Again the soft colour came into her face, and she threw him a glance from her dark blue eyes. If ever glance spoke of indignation, hers did. "What change can there be?" she breathed. "Rupert is ill again," she added in louder tones.

"Rupert!"

"At least, he is not well, and is at home to-day. But he is better than he was yesterday——"

"Here comes Octave," interrupted Emily.

George Ryle gathered up his reins. Shaking hands with Maude, he said a hasty good-bye to the other two, and cantered down the lane, lifting his hat to Miss Chattaway, who was coming up from a distance.

She was advancing quickly across the common, behind the fence on the other side of the lane. A tall, thin young woman, looking her full age of four or five-and-twenty, with the same leaden complexion as of yore, and the disagreeably sly grey eyes. She wore a puce silk paletot, and a brown hat trimmed with black lace; an unbecoming costume for one so tall.

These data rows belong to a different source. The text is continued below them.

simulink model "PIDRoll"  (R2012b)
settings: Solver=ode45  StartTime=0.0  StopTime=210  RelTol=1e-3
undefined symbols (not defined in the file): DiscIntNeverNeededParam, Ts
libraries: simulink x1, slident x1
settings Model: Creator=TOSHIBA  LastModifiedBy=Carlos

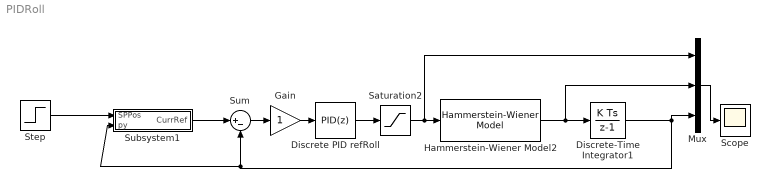
== system PIDRoll ==
  Discrete PID refRoll : simulink/Continuous/PID Controller  Controller=PID  TimeDomain=Discrete-time  SampleTime=Ts  IntegratorMethod=Forward Euler  FilterMethod=Forward Euler  Form=Parallel  P=1  I=0.002  D=0.5  N=10  InitialConditionSource=internal  InitialConditionForIntegrator=0  InitialConditionForFilter=0  ExternalReset=none  LimitOutput=off  UpperSaturationLimit=inf  LowerSaturationLimit=-inf  LinearizeAsGain=off  AntiWindupMode=none  Kb=1  TrackingMode=off  Kt=1  PParamMin=[]  PParamMax=[]  IParamMin=[]  IParamMax=[]  DParamMin=[]  DParamMax=[]  NParamMin=[]  NParamMax=[]  KbParamMin=[]  KbParamMax=[]  KtParamMin=[]  KtParamMax=[]  POutMin=[]  POutMax=[]  IOutMin=[]  IOutMax=[]  DOutMin=[]  DOutMax=[]  NOutMin=[]  NOutMax=[]  KbOutMin=[]  KbOutMax=[]  KtOutMin=[]  KtOutMax=[]  IntegratorOutMin=[]  IntegratorOutMax=[]  FilterOutMin=[]  FilterOutMax=[]  SumOutMin=[]  SumOutMax=[]  SumI1OutMin=[]  SumI1OutMax=[]  SumI2OutMin=[]  SumI2OutMax=[]  SumI3OutMin=[]  SumI3OutMax=[]  SumDOutMin=[]  SumDOutMax=[]  SaturationOutMin=[]  SaturationOutMax=[]  IntegratorContinuousStateAttributes=''  IntegratorStateMustResolveToSignalObject=off  IntegratorRTWStateStorageClass=Auto  FilterContinuousStateAttributes=''  FilterStateMustResolveToSignalObject=off  FilterRTWStateStorageClass=Auto
  Discrete-Time Integrator1 : DiscreteIntegrator  SampleTime=0.06  ICPrevOutput=DiscIntNeverNeededParam  ICPrevScaledInput=DiscIntNeverNeededParam
  Gain : Gain
  Hammerstein-Wiener Model2 : slident/Hammerstein-Wiener Model  sys=vy123_nlhw111  IC=Zero  X0i=0
  Mux : Mux  Inputs=3
  Saturation2 : Saturate  UpperLimit=1  LowerLimit=-1  SampleTime=Ts
  Scope : Scope
      settings: ShowLegends=on
  Step : Step  After=40  SampleTime=0.06
  Subsystem1 : Subsystem
  Sum : Sum  Inputs=|+-
  wires:
  Hammerstein-Wiener Model2/1 -> Mux/2, Discrete-Time Integrator1/1
  Discrete-Time Integrator1/1 -> Mux/3, Subsystem1/2(py), Sum/2
  Saturation2/1 -> Hammerstein-Wiener Model2/1, Mux/1
  Mux/1 -> Scope/1
  Discrete PID refRoll/1 -> Saturation2/1
  Sum/1 -> Gain/1
  Gain/1 -> Discrete PID refRoll/1
  Subsystem1/1(CurrRef) -> Sum/1
  Step/1 -> Subsystem1/1(SPPos)

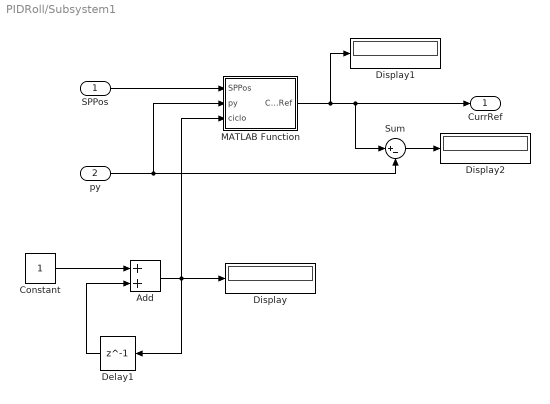
== system PIDRoll/Subsystem1 ==
  SPPos : Inport
  py : Inport  Port=2
  Add : Sum
  Constant : Constant
  Delay1 : Delay  DelayLength=1  InitialCondition=0  SampleTime=Ts
  Display : Display
  Display1 : Display
  Display2 : Display
  MATLAB Function : MATLAB Function  TreatAsAtomicUnit=on
  Sum : Sum  Inputs=|+-
  CurrRef : Outport
  wires:
  MATLAB Function/1(CurrRef) -> Display1/1, Sum/1, CurrRef/1
  SPPos/1 -> MATLAB Function/1(SPPos)
  py/1 -> Sum/2, MATLAB Function/2(py)
  Add/1 -> MATLAB Function/3(ciclo), Display/1, Delay1/1
  Delay1/1 -> Add/2
  Constant/1 -> Add/1
  Sum/1 -> Display2/1

== matlab function PIDRoll/Subsystem1/MATLAB Function ==
  data: SPPos input; py input; ciclo input; CurrRef output
function CurrRef = CalcRef(SPPos,py,ciclo)
if (SPPos>py)
    Ax=ciclo*0.0004;
else
    Ax=0;
end

CurrRef = py+Ax;
end

"That was George Ryle!" she exclaimed, as she came up. "What brings him back already?"

"He found his brother away when he reached Oxford," was Maude's reply.

"I think he was very rude not to stop and speak to you, Octave," observed Emily Chattaway. "He saw you coming."

Octave made no reply. She mounted the stile and gazed after the horseman, apparently to see what direction he would take on reaching the end of the lane. Patiently watching, she saw him turn into another lane, which branched off to the left. Octave Chattaway jumped over the stile, and went swiftly across the field.